Similar to the pervious section looking at the education system writ-large, the authors look at the ways in which composition and writing assessment have been historically framed. They allude to Harvard’s written admissions exam as a landmark for a shift toward composition’s frame within the “emerging industrial economy,” and how writing assessment became a means of ranking and measuring whether students were able to meet the needs of the industrial economy. Alongside this frame, there was also a technocratic (or administrative) frame that “privileged management, efficiency, and tracking in education, as in industry and elsewhere” (45). “a mechanistic paradigm that studied language by reducing it to discrete behaviors and that defined language growth as the accretion of these particular” (45). The focus on mechanics and error stressed, of course, the quantification of writing; thus, composition generally could be taught by contingent faculty—low-level, entry-level workers—who would be able to draw attention to surface level concerns rather than the more complex work of writing. In this way, teacher’s judgments were devalued and—along with overtures of efficiency and objectivity—there was an embrace of standardization in the assessment of writing.

However, the authors also note a paradox in the academy: there appeared to be an effort to “define the work of members of the academy, especially their methods and knowledge bases, as something that could be understood only with particular professional training and that could be itself judged—assessed—only by peers who shared this specialization” (51). In other words, academy began to see the specialization of particular fields of study. However, at the same time, psychometricians and educational measurement experts became the de facto authorities on acceptable assessment theories and practices across all fields of work, including writing.

However, there were others like Fred Newton Scott at the University of Michican in the early 1900s who framed language as “social, contextual, and grounded in community. Language had the power to change individuals and to effect change in broader contexts” (54). Thus, while he was not much appreciated during his time, his rhetorical frame for composition re-emerged in the 1960s. The rhetorical frame “acknowledges that writing is a form of communication governed by the writer’s purpose, the message to be delivered, the audience to be addressed, and the context surrounding the writer, audience, and text” (56). There was a focus on the meaning of the text: a text cannot be understood outside of its context. The effectiveness of a text, accordingly, needs to be “determined in light of the particular situation. A text can be transported to other situations, but its effectiveness and, in fact, its meaning, can only be determined in context” (56-7). While students cannot be taught to master every situation, they can be taught a critical metalanguage to analyze situations and determine needs.

The authors also point to a sociolinguistic and literacy frame, one that emphasizes the social nature of language and how community is integral to expectations and discourse. But more, it is not only that language derives meaning from context (beyond linguistic codes), but language, itself, shapes contexts and interactions.

As these latter frames indicate, context needs to be a significant component in the judging of a text.

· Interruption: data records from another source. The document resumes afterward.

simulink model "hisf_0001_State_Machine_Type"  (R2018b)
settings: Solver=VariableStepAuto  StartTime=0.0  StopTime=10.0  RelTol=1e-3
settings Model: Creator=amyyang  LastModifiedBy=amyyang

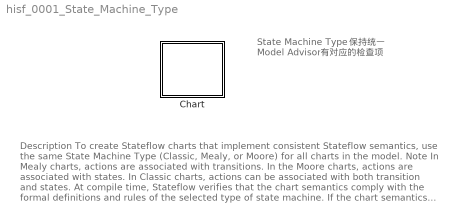
== system hisf_0001_State_Machine_Type ==
  note: State Machine Type 保持统一
      | Model Advisor有对应的检查项
  note: Description
      | To create Stateflow charts that implement consistent Stateflow semantics, use the
      | same State Machine Type (Classic, Mealy, or Moore) for all charts in the model.
      |
      | Note
      | In Mealy charts, actions are associated with transitions. In the Moore charts, actions
      | are associated with states. In Classic charts, actions can be associated with both
      | transition and states.
      | At compile time, Stateflow verifies that the chart semantics comply with the formal
      | definitions and rules of the selected type of state machine. If the chart semantics are
      | not in compliance, the software provides a diagnostic message.
      |
      | Rationale
      | Promote a clear modeling style.
  Chart : Stateflow chart  TreatAsAtomicUnit=on

== stateflow chart hisf_0001_State_Machine_Type/Chart ==
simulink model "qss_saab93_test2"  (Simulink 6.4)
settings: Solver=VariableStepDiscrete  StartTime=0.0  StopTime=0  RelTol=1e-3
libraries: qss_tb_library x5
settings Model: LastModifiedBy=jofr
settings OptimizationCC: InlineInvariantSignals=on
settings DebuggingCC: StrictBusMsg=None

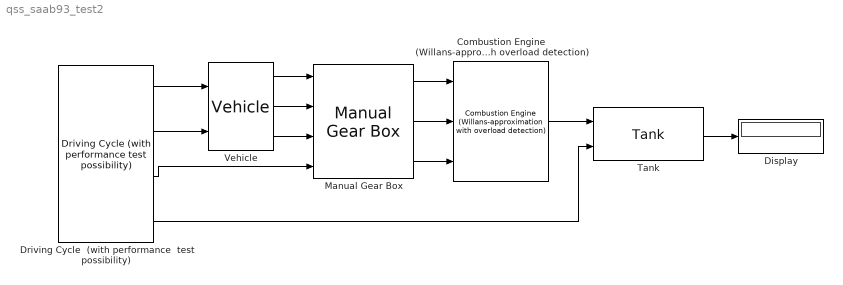
== system qss_saab93_test2 ==
  Combustion Engine (Willans-approximation  with overload detection) : qss_tb_library/Energy Converter/Combustion Engine (Willans-approximation  with overload detection)  Tag=combustion engine  SystemSampleTime=-1  engine_type=Otto  V_d=1.985  theta_CE=0.05  S=78  B=90  maxTorque=[177 4300]  maxPower=[96 6100]  w_CE_upper=700  w_CE_idle=105  P_CE_idle=2600  P_aux=300  e=0.46  PI=2  p_me0g=1  ENABLE_FUEL_CUTOFF=on  T_CE_cutoff=5  P_CE_cutoff=0
  Display : Display
  Driving Cycle  (with performance  test possibility) : qss_tb_library/Driving Cycle/Driving Cycle  (with performance  test possibility)  Tag=cycle  SystemSampleTime=-1  cyclenr=Europe: NEDC  stepsize=1  autostop=on  test=on  v_init=start_vel  v_end=end_vel  acc_constant=const_acc  gearon=upshift  gearoff=downshift
  Manual Gear Box : qss_tb_library/Gear System/Manual Gear Box  Tag=transmission  SystemSampleTime=-1  i_1=3.38  i_2=1.76  i_3=1.12  i_4=0.89  i_5=0.7  i_diff=4.45  e_GT=0.98  P_GT0=300  w_wheel_min=1
  Tank : qss_tb_library/Energy Source/Tank  Tag=tank  SystemSampleTime=-1  fuel=Gasoline  flag_cold_start=on
  Vehicle : qss_tb_library/Vehicle/Vehicle  Tag=vehicle  SystemSampleTime=-1  m_f=1295+80+100  mt2m_f=5  A_f=2  d_wheel=0.62  cw=0.3  mu=0.013
  wires:
  Driving Cycle  (with performance  test possibility)/1 -> Vehicle/1
  Vehicle/1 -> Manual Gear Box/1
  Vehicle/2 -> Manual Gear Box/2
  Driving Cycle  (with performance  test possibility)/2 -> Vehicle/2
  Manual Gear Box/1 -> Combustion Engine (Willans-approximation  with overload detection)/1
  Manual Gear Box/2 -> Combustion Engine (Willans-approximation  with overload detection)/2
  Manual Gear Box/3 -> Combustion Engine (Willans-approximation  with overload detection)/3
  Combustion Engine (Willans-approximation  with overload detection)/1 -> Tank/1
  Driving Cycle  (with performance  test possibility)/3 -> Manual Gear Box/4
  Driving Cycle  (with performance  test possibility)/4 -> Tank/2
  Tank/1 -> Display/1
  Vehicle/3 -> Manual Gear Box/3

Standardization, then, appears counterintuitive to the evaluation of writing since it is not likely that there can be generic qualities that apply across all situations; instead, criteria should be designed around specific contextual situations: “according to contemporary composition theory, there is no universal definition of ‘good writing.’ Rather, good writing needs to be defined by what is appropriate and effective for a particular purpose, and a particular context” (64).

Adler-Lassner and O’Neill turn their attention to some practices of writing assessment—in/direct measures and portfolio—and much like others, make the claim that these methods, in themselves, are not valid or invalid, but rather validation is determined by the context of use. For example, portfolios have sometimes been scaled up for higher large-scale purposes that have essentially reduced it within psychometric frames.